Carnage but also lots of data

Two days ago I got the dreaded early morning phone-call wakeup, with Samer on the line hysterical that the RV Sikuliaq had just run over a second, yes SECOND!!!!$#@!!@#$, of our receivers, which was now stuck in the ship’s propeller and the data logger was dangling out of the receiver frame and about to fall away into the abyss.  Uggh. I came out on deck just about when they freed the remains of the instrument and were raising it back onto the deck:

Ocean bottom EM receiver destroyed after being run over by the ship. Note the data logger in the blue tube on the left is being held on only by the black magnetometer cable; lucky for us it held until the mangled receiver was back on deck.

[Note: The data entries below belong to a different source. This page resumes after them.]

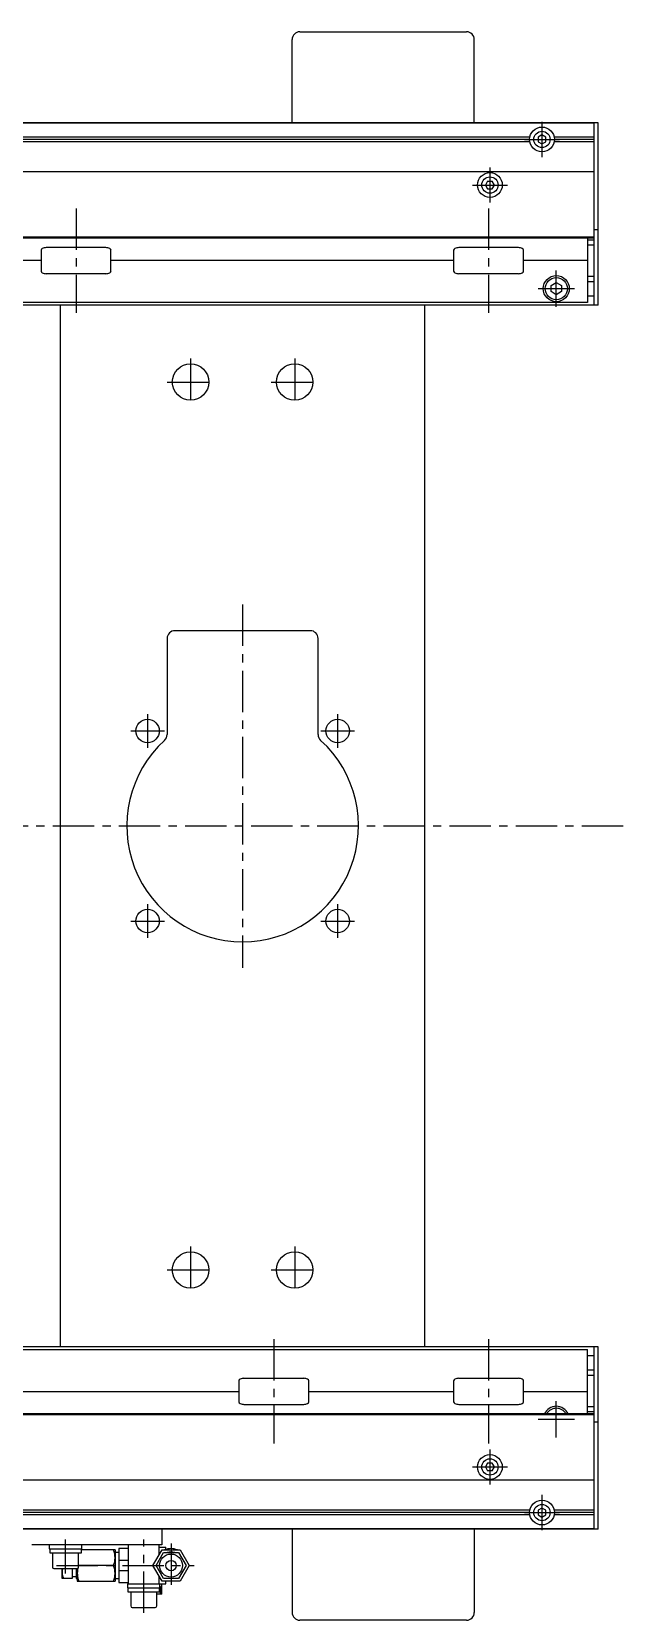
# Model space of a CAD drawing. Extents: x -10 to 4817, y -8 to 1051.
# Drawn here: x 3882 to 4110, y 423 to 1033 of the extents above; entities that cross this region are included whole.
import ezdxf

# ---------------------------------------------------------------- set-up
doc = ezdxf.new("R2010")
doc.units = 0
doc.header["$LTSCALE"] = 0.5
doc.linetypes.add('CENTER', pattern=[50.8, 31.75, -6.35, 6.35, -6.35])
doc.layers.add('MSM_CENTER', color=1, linetype='CENTER')
doc.layers.add('MSM_CONTINUOUS', color=7, linetype='CONTINUOUS')

msp = doc.modelspace()

# ---------------------------------------------------------------- linework, layer by layer
at = {"layer": 'MSM_CENTER'}
for p, q in [((4078.25, 998.8), (4078.25, 985.3)), ((4071.5, 992.05), (4085, 992.05)), ((4058.25, 981.3), (4058.25, 967.8)), ((4051.5, 974.55), (4065, 974.55)), ((3899.25, 965.5), (3899.25, 925.5)), ((4057.75, 965.5), (4057.75, 925.5)), ((4083.75, 927.75), (4083.75, 941.75)), ((4076.75, 934.75), (4090.75, 934.75)), ((3943.25, 907.9), (3943.25, 889.9)), ((3983.25, 907.9), (3983.25, 889.9)), ((3934.25, 898.9), (3952.25, 898.9)), ((3974.25, 898.9), (3992.25, 898.9)), ((3963.25, 813.4), (3963.25, 673.9)), ((3926.75, 771.4), (3926.75, 758.4)), ((3999.75, 771.4), (3999.75, 758.4)), ((3920.25, 764.9), (3933.25, 764.9)), ((3993.25, 764.9), (4006.25, 764.9)), ((359.75, 728.4), (4109.85, 728.4)), ((3926.75, 698.4), (3926.75, 685.4)), ((3999.75, 698.4), (3999.75, 685.4)), ((3920.25, 691.9), (3933.25, 691.9)), ((3993.25, 691.9), (4006.25, 691.9)), ((3943.25, 566.9), (3943.25, 548.9)), ((3983.25, 566.9), (3983.25, 548.9)), ((3934.25, 557.9), (3952.25, 557.9)), ((3974.25, 557.9), (3992.25, 557.9)), ((3975.25, 531.3), (3975.25, 491.3)), ((4057.75, 531.3), (4057.75, 491.3)), ((4083.75, 493.55), (4083.75, 507.55)), ((4076.75, 500.55), (4090.75, 500.55)), ((4058.25, 489), (4058.25, 475.5)), ((4051.5, 482.25), (4065, 482.25)), ((4078.25, 471.5), (4078.25, 458)), ((4071.5, 464.75), (4085, 464.75)), ((3895.25, 441.3), (3895.25, 454.4)), ((3925.25, 426.3), (3925.25, 454.4)), ((3935.75, 452.9), (3935.75, 435.9)), ((3891.75, 444.4), (3944.68, 444.4))]:
    msp.add_line(p, q, dxfattribs=at)
at = {"layer": 'MSM_CONTINUOUS'}
for p, q in [((3985.25, 1033.4), (4049.25, 1033.4)), ((3982.25, 998.4), (3982.25, 1030.4)), ((4052.25, 998.4), (4052.25, 1030.4)), ((4099.85, 998.4), (370.65, 998.4)), ((4098.25, 998.35), (372.25, 998.35)), ((4098.25, 928.4), (4098.25, 998.4)), ((4099.85, 928.4), (4099.85, 998.4)), ((4073.58, 992.92), (396.92, 992.92)), ((4073.58, 991.18), (396.92, 991.18)), ((4073.5, 992.05), (397, 992.05)), ((4078.25, 993.78), (4076.75, 992.92)), ((4076.75, 992.92), (4076.75, 991.18)), ((4076.75, 991.18), (4078.25, 990.32)), ((4079.75, 992.92), (4078.25, 993.78)), ((4078.25, 990.32), (4079.75, 991.18)), ((4079.75, 991.18), (4079.75, 992.92)), ((4098.25, 992.92), (4082.92, 992.92)), ((4098.25, 991.18), (4082.92, 991.18)), ((4098.25, 992.05), (4083, 992.05)), ((4098.25, 979.55), (372.25, 979.55)), ((4057.38, 976.05), (4056.52, 974.55)), ((4057.38, 976.05), (4059.12, 976.05)), ((4059.98, 974.55), (4059.12, 976.05)), ((4056.52, 974.55), (4057.38, 973.05)), ((4057.38, 973.05), (4059.12, 973.05)), ((4059.12, 973.05), (4059.98, 974.55)), ((4098.25, 954.15), (372.25, 954.15)), ((4098.25, 954.55), (422.25, 954.55)), ((4095.75, 954.15), (4095.75, 929.4)), ((4098.25, 953.4), (4095.75, 953.4)), ((4099.85, 957.4), (4098.25, 957.4)), ((3885.81, 949.5), (3885.81, 941.5)), ((3910.72, 950.5), (3887.78, 950.5)), ((3912.69, 941.5), (3912.69, 949.5)), ((4044.31, 949.5), (4044.31, 941.5)), ((4069.22, 950.5), (4046.28, 950.5)), ((4071.19, 941.5), (4071.19, 949.5)), ((4098.25, 951.4), (4095.75, 951.4)), ((3885.81, 945.5), (3754.19, 945.5)), ((3910.72, 940.5), (3887.78, 940.5)), ((4044.31, 945.5), (3912.69, 945.5)), ((4069.22, 940.5), (4046.28, 940.5)), ((4095.75, 945.5), (4071.19, 945.5)), ((4081.75, 935.9), (4083.75, 937.06)), ((4081.75, 933.6), (4081.75, 935.9)), ((4083.75, 932.44), (4081.75, 933.6)), ((4083.75, 937.06), (4085.75, 935.9)), ((4085.75, 933.6), (4083.75, 932.44)), ((4085.75, 935.9), (4085.75, 933.6)), ((4098.25, 939.4), (4095.75, 939.4)), ((4098.25, 937.4), (4095.75, 937.4)), ((4095.75, 929.4), (450.25, 929.4)), ((4099.85, 928.4), (450.25, 928.4)), ((3893.25, 528.4), (3893.25, 928.4)), ((4033.25, 528.4), (4033.25, 928.4)), ((4098.25, 931.9), (4095.75, 931.9)), ((3934.25, 800.4), (3934.25, 763.5)), ((3989.25, 803.4), (3937.25, 803.4)), ((3992.25, 763.5), (3992.25, 800.4)), ((4099.85, 528.4), (450.25, 528.4)), ((450.25, 527.4), (4095.75, 527.4)), ((4095.75, 502.65), (4095.75, 527.4)), ((4098.25, 524.9), (4095.75, 524.9)), ((4098.25, 458.4), (4098.25, 528.4)), ((4099.85, 458.4), (4099.85, 528.4)), ((4098.25, 519.4), (4095.75, 519.4)), ((3961.81, 515.3), (3961.81, 507.3)), ((3963.78, 516.3), (3986.72, 516.3)), ((3988.69, 507.3), (3988.69, 515.3)), ((4044.31, 515.3), (4044.31, 507.3)), ((4046.28, 516.3), (4069.22, 516.3)), ((4071.19, 507.3), (4071.19, 515.3)), ((4098.25, 517.4), (4095.75, 517.4)), ((3830.19, 511.3), (3961.81, 511.3)), ((3988.69, 511.3), (4044.31, 511.3)), ((4071.19, 511.3), (4095.75, 511.3)), ((4098.25, 502.65), (372.25, 502.65)), ((4098.25, 502.25), (422.25, 502.25)), ((3963.78, 506.3), (3986.72, 506.3)), ((4046.28, 506.3), (4069.22, 506.3)), ((4083.39, 502.65), (4083.75, 502.86)), ((4083.75, 502.86), (4084.11, 502.65)), ((4098.25, 505.4), (4095.75, 505.4)), ((4098.25, 503.4), (4095.75, 503.4)), ((4099.85, 499.4), (4098.25, 499.4)), ((4057.38, 483.75), (4056.52, 482.25)), ((4056.52, 482.25), (4057.38, 480.75)), ((4059.12, 483.75), (4057.38, 483.75)), ((4059.98, 482.25), (4059.12, 483.75)), ((4059.12, 480.75), (4059.98, 482.25)), ((4098.25, 477.25), (372.25, 477.25)), ((4059.12, 480.75), (4057.38, 480.75)), ((4073.58, 465.62), (396.92, 465.62)), ((4073.58, 463.88), (396.92, 463.88)), ((4073.5, 464.75), (397, 464.75)), ((4078.25, 466.48), (4076.75, 465.62)), ((4076.75, 465.62), (4076.75, 463.88)), ((4076.75, 463.88), (4078.25, 463.02)), ((4079.75, 465.62), (4078.25, 466.48)), ((4078.25, 463.02), (4079.75, 463.88)), ((4079.75, 463.88), (4079.75, 465.62)), ((4098.25, 465.62), (4082.92, 465.62)), ((4098.25, 463.88), (4082.92, 463.88)), ((4098.25, 464.75), (4083, 464.75)), ((4099.85, 458.4), (370.65, 458.4)), ((4098.25, 458.45), (372.25, 458.45)), ((3932.25, 458.4), (3932.25, 452.4)), ((3982.25, 458.4), (3982.25, 426.4)), ((4052.25, 458.4), (4052.25, 426.4)), ((3932.25, 452.4), (3882.25, 452.4)), ((3889, 452.4), (3889, 450.8)), ((3901.5, 450.8), (3901.5, 452.4)), ((3919.25, 452.4), (3919.25, 437.4)), ((3931.25, 448.61), (3931.25, 452.4)), ((3889, 450.8), (3901.5, 450.8)), ((3889.15, 450.8), (3889.15, 449.3)), ((3889.15, 449.3), (3901.35, 449.3)), ((3890.25, 449.3), (3890.25, 443.8)), ((3900.25, 443.8), (3900.25, 449.3)), ((3901.35, 449.3), (3901.35, 450.8)), ((3914.25, 450.4), (3901.35, 450.4)), ((3914.25, 450.4), (3914.25, 438.4)), ((3915.75, 449.4), (3914.25, 449.4)), ((3919.25, 450.9), (3915.75, 450.9)), ((3915.75, 450.9), (3915.75, 437.9)), ((3919.25, 446.4), (3915.75, 446.4)), ((3928.82, 444.4), (3932.29, 450.4)), ((3929.98, 444.4), (3932.86, 449.4)), ((3931.25, 451.4), (3933.75, 451.4)), ((3932.29, 450.4), (3939.21, 450.4)), ((3932.86, 449.4), (3938.64, 449.4)), ((3933.75, 450.58), (3933.75, 451.4)), ((3938.64, 449.4), (3941.52, 444.4)), ((3939.21, 450.4), (3942.68, 444.4)), ((3890.75, 443.3), (3899.75, 443.3)), ((3893.75, 443.3), (3893.75, 440)), ((3897.75, 439.4), (3893.87, 439.4)), ((3897.75, 443.3), (3897.75, 439.4)), ((3897.75, 440.15), (3899.25, 440.15)), ((3899.25, 443.3), (3899.25, 439.4)), ((3899.25, 439.4), (3899.75, 439.4)), ((3899.75, 443.3), (3899.75, 438.4)), ((3913.71, 444.4), (3900.29, 444.4)), ((3914.25, 439.4), (3915.75, 439.4)), ((3919.25, 442.4), (3915.75, 442.4)), ((3932.29, 438.4), (3928.82, 444.4)), ((3932.86, 439.4), (3929.98, 444.4)), ((3931.25, 437.4), (3931.25, 440.19)), ((3938.64, 439.4), (3932.86, 439.4)), ((3941.52, 444.4), (3938.64, 439.4)), ((3942.68, 444.4), (3939.21, 438.4)), ((3899.75, 438.4), (3914.25, 438.4)), ((3915.75, 437.9), (3919.25, 437.9)), ((3919, 437.4), (3933.75, 437.4)), ((3919, 437.4), (3919, 435.8)), ((3919, 435.8), (3931.5, 435.8)), ((3919.15, 435.8), (3919.15, 434.3)), ((3919.15, 434.3), (3931.35, 434.3)), ((3920.25, 434.3), (3920.25, 428.9)), ((3930.25, 428.9), (3930.25, 434.3)), ((3932.25, 433.4), (3930.25, 433.4)), ((3931.35, 434.3), (3931.35, 435.8)), ((3931.5, 435.8), (3931.5, 437.4)), ((3931.5, 436.4), (3931.75, 436.4)), ((3931.75, 433.4), (3931.75, 436.4)), ((3932.25, 433.4), (3932.25, 437.4)), ((3939.21, 438.4), (3932.29, 438.4)), ((3933.75, 437.4), (3933.75, 438.4)), ((3920.85, 428.3), (3929.65, 428.3)), ((4049.25, 423.4), (3985.25, 423.4))]:
    msp.add_line(p, q, dxfattribs=at)
for centre, radius in [((4078.25, 992.05), 4.75), ((4078.25, 992.05), 3.13), ((4058.25, 974.55), 4.75), ((4058.25, 974.55), 3.13), ((4083.75, 934.75), 5), ((4083.75, 934.75), 4.25), ((3943.25, 898.9), 7), ((3983.25, 898.9), 7), ((3926.75, 764.9), 4.5), ((3999.75, 764.9), 4.5), ((3926.75, 691.9), 4.5), ((3999.75, 691.9), 4.5), ((3943.25, 557.9), 7), ((3983.25, 557.9), 7), ((4058.25, 482.25), 4.75), ((4058.25, 482.25), 3.13), ((4078.25, 464.75), 4.75), ((4078.25, 464.75), 3.13), ((3935.75, 444.4), 4.4), ((3935.75, 444.4), 2)]:
    msp.add_circle(centre, radius, dxfattribs=at)
for centre, radius, start, end in [((3985.25, 1030.4), 3, 90, 180), ((4049.25, 1030.4), 3, 0, 90), ((3886.68, 949.38), 0.882, 115.53281, 172.10275), ((3887.76, 947.09), 3.41, 89.66873, 115.24537), ((3910.74, 947.09), 3.41, 64.75463, 90.33127), ((3911.82, 949.38), 0.882, 7.89725, 64.46719), ((4045.18, 949.38), 0.882, 115.53281, 172.10275), ((4046.26, 947.09), 3.41, 89.66873, 115.24537), ((4069.24, 947.09), 3.41, 64.75463, 90.33127), ((4070.32, 949.38), 0.882, 7.89725, 64.46719), ((3886.68, 941.62), 0.882, 187.89725, 244.46719), ((3887.76, 943.91), 3.41, 244.75463, 270.33127), ((3910.74, 943.91), 3.41, 269.66873, 295.24537), ((3911.82, 941.62), 0.882, 295.53281, 352.10275), ((4045.18, 941.62), 0.882, 187.89725, 244.46719), ((4046.26, 943.91), 3.41, 244.75463, 270.33127), ((4069.24, 943.91), 3.41, 269.66873, 295.24537), ((4070.32, 941.62), 0.882, 295.53281, 352.10275), ((3937.25, 800.4), 3, 90, 180), ((3989.25, 800.4), 3, 0, 90), ((3931.25, 763.5), 3, 312.35205, 360), ((3995.25, 763.5), 3, 180, 227.64795), ((3963.25, 728.4), 44.5, 132.35205, 47.64795), ((3962.68, 515.18), 0.882, 115.53281, 172.10275), ((3963.76, 512.89), 3.41, 89.66873, 115.24537), ((3986.74, 512.89), 3.41, 64.75463, 90.33127), ((3987.82, 515.18), 0.882, 7.89725, 64.46719), ((4045.18, 515.18), 0.882, 115.53281, 172.10275), ((4046.26, 512.89), 3.41, 89.66873, 115.24537), ((4069.24, 512.89), 3.41, 64.75463, 90.33127), ((4070.32, 515.18), 0.882, 7.89725, 64.46719), ((3962.68, 507.42), 0.882, 187.89725, 244.46719), ((3963.76, 509.71), 3.41, 244.75463, 270.33127), ((3986.74, 509.71), 3.41, 269.66873, 295.24537), ((3987.82, 507.42), 0.882, 295.53281, 352.10275), ((4045.18, 507.42), 0.882, 187.89725, 244.46719), ((4046.26, 509.71), 3.41, 244.75463, 270.33127), ((4069.24, 509.71), 3.41, 269.66873, 295.24537), ((4070.32, 507.42), 0.882, 295.53281, 352.10275), ((4083.75, 500.55), 5, 24.83459, 155.16541), ((4083.75, 500.55), 4.25, 29.61158, 150.38842), ((3905.58, 447.4), 8.67, 339.74384, 20.25616), ((3935.75, 444.4), 6.5, 67.38014, 112.61986), ((3935.75, 444.4), 5.2, 74.05763, 105.94237), ((3890.75, 443.8), 0.5, 180, 270), ((3895.35, 440.01), 1.6, 180.43562, 202.49501), ((3898.77, 441.9), 4.91, 163.42229, 210.63), ((3899.75, 443.8), 0.5, 270, 0), ((3908.42, 441.4), 8.67, 166.97843, 200.25616), ((3908.42, 447.4), 8.67, 199.55904, 200.25616), ((3908.42, 441.4), 8.67, 159.74384, 160.44096), ((3905.58, 441.4), 8.67, 339.74384, 20.25616), ((3920.85, 428.9), 0.6, 180, 270), ((3929.65, 428.9), 0.6, 270, 360), ((3985.25, 426.4), 3, 180, 270), ((4049.25, 426.4), 3, 270, 0)]:
    msp.add_arc(centre, radius, start, end, dxfattribs=at)

doc.saveas('drawing.dxf')

Miraculously we got both data loggers (and importantly the data they contained) but we lost an acoustic transponder unit, an induction coil magnetometer, two electronic compasses, and lots of cables to the sea. The instrument frames were destroyed, and we lost several electrode arms. The glass floatation floats where banged around enough that we can no longer trust their suitability for deep deployments. One of the induction coil magnetometers (a marine version of the EMI BF4 sensor) that made it back on board the ship was severely bent (and destroyed):

Bent induction coil magnetometer.
Destroyed ocean bottom EM receiver instrument frame after being run over by the ship.

Ship handling for instrument recoveries isn’t easy but I’ve only seen a ship completely run over an instrument and destroy it a couple of times in over twenty years of going to sea.  So two instruments destroyed in the same day was super upsetting, to say the least, especially since this happened on instrument recoveries #2 and #6 out of 42 total, which meant there were 36 more chances for instruments to get munched by the Sikuliaq.  Morale was super low and that made tensions high for the rest of the instrument recoveries that day.

But all is not lost. We put the carnage of the morning behind us and the ship worked hard at more precise and careful handling. Now two days later we have only about 10 more receivers to recover.  We’ve had a few hiccups with some of the ORE acoustic units on the receivers that were deployed for the first time in deep water on the incoming plate, and one stubborn receiver has refused to release from the seafloor, likely due to a malfunctioning ORE acoustic unit. But we now have lots of good data in hand and are cruising along, so things are looking up.

We started on the deep end of the profile and are now moving up the continental slope. We should finish picking up the last few receivers, located in the shallow waters of the continental slope, later tonight.

Here’s a video of a receiver recovery from yesterday afternoon in what could be called a text-book recovery with slow and careful positioning by the ship and efficient and careful handling by the deck crew.

Ocean bottom EM instrument recovery video.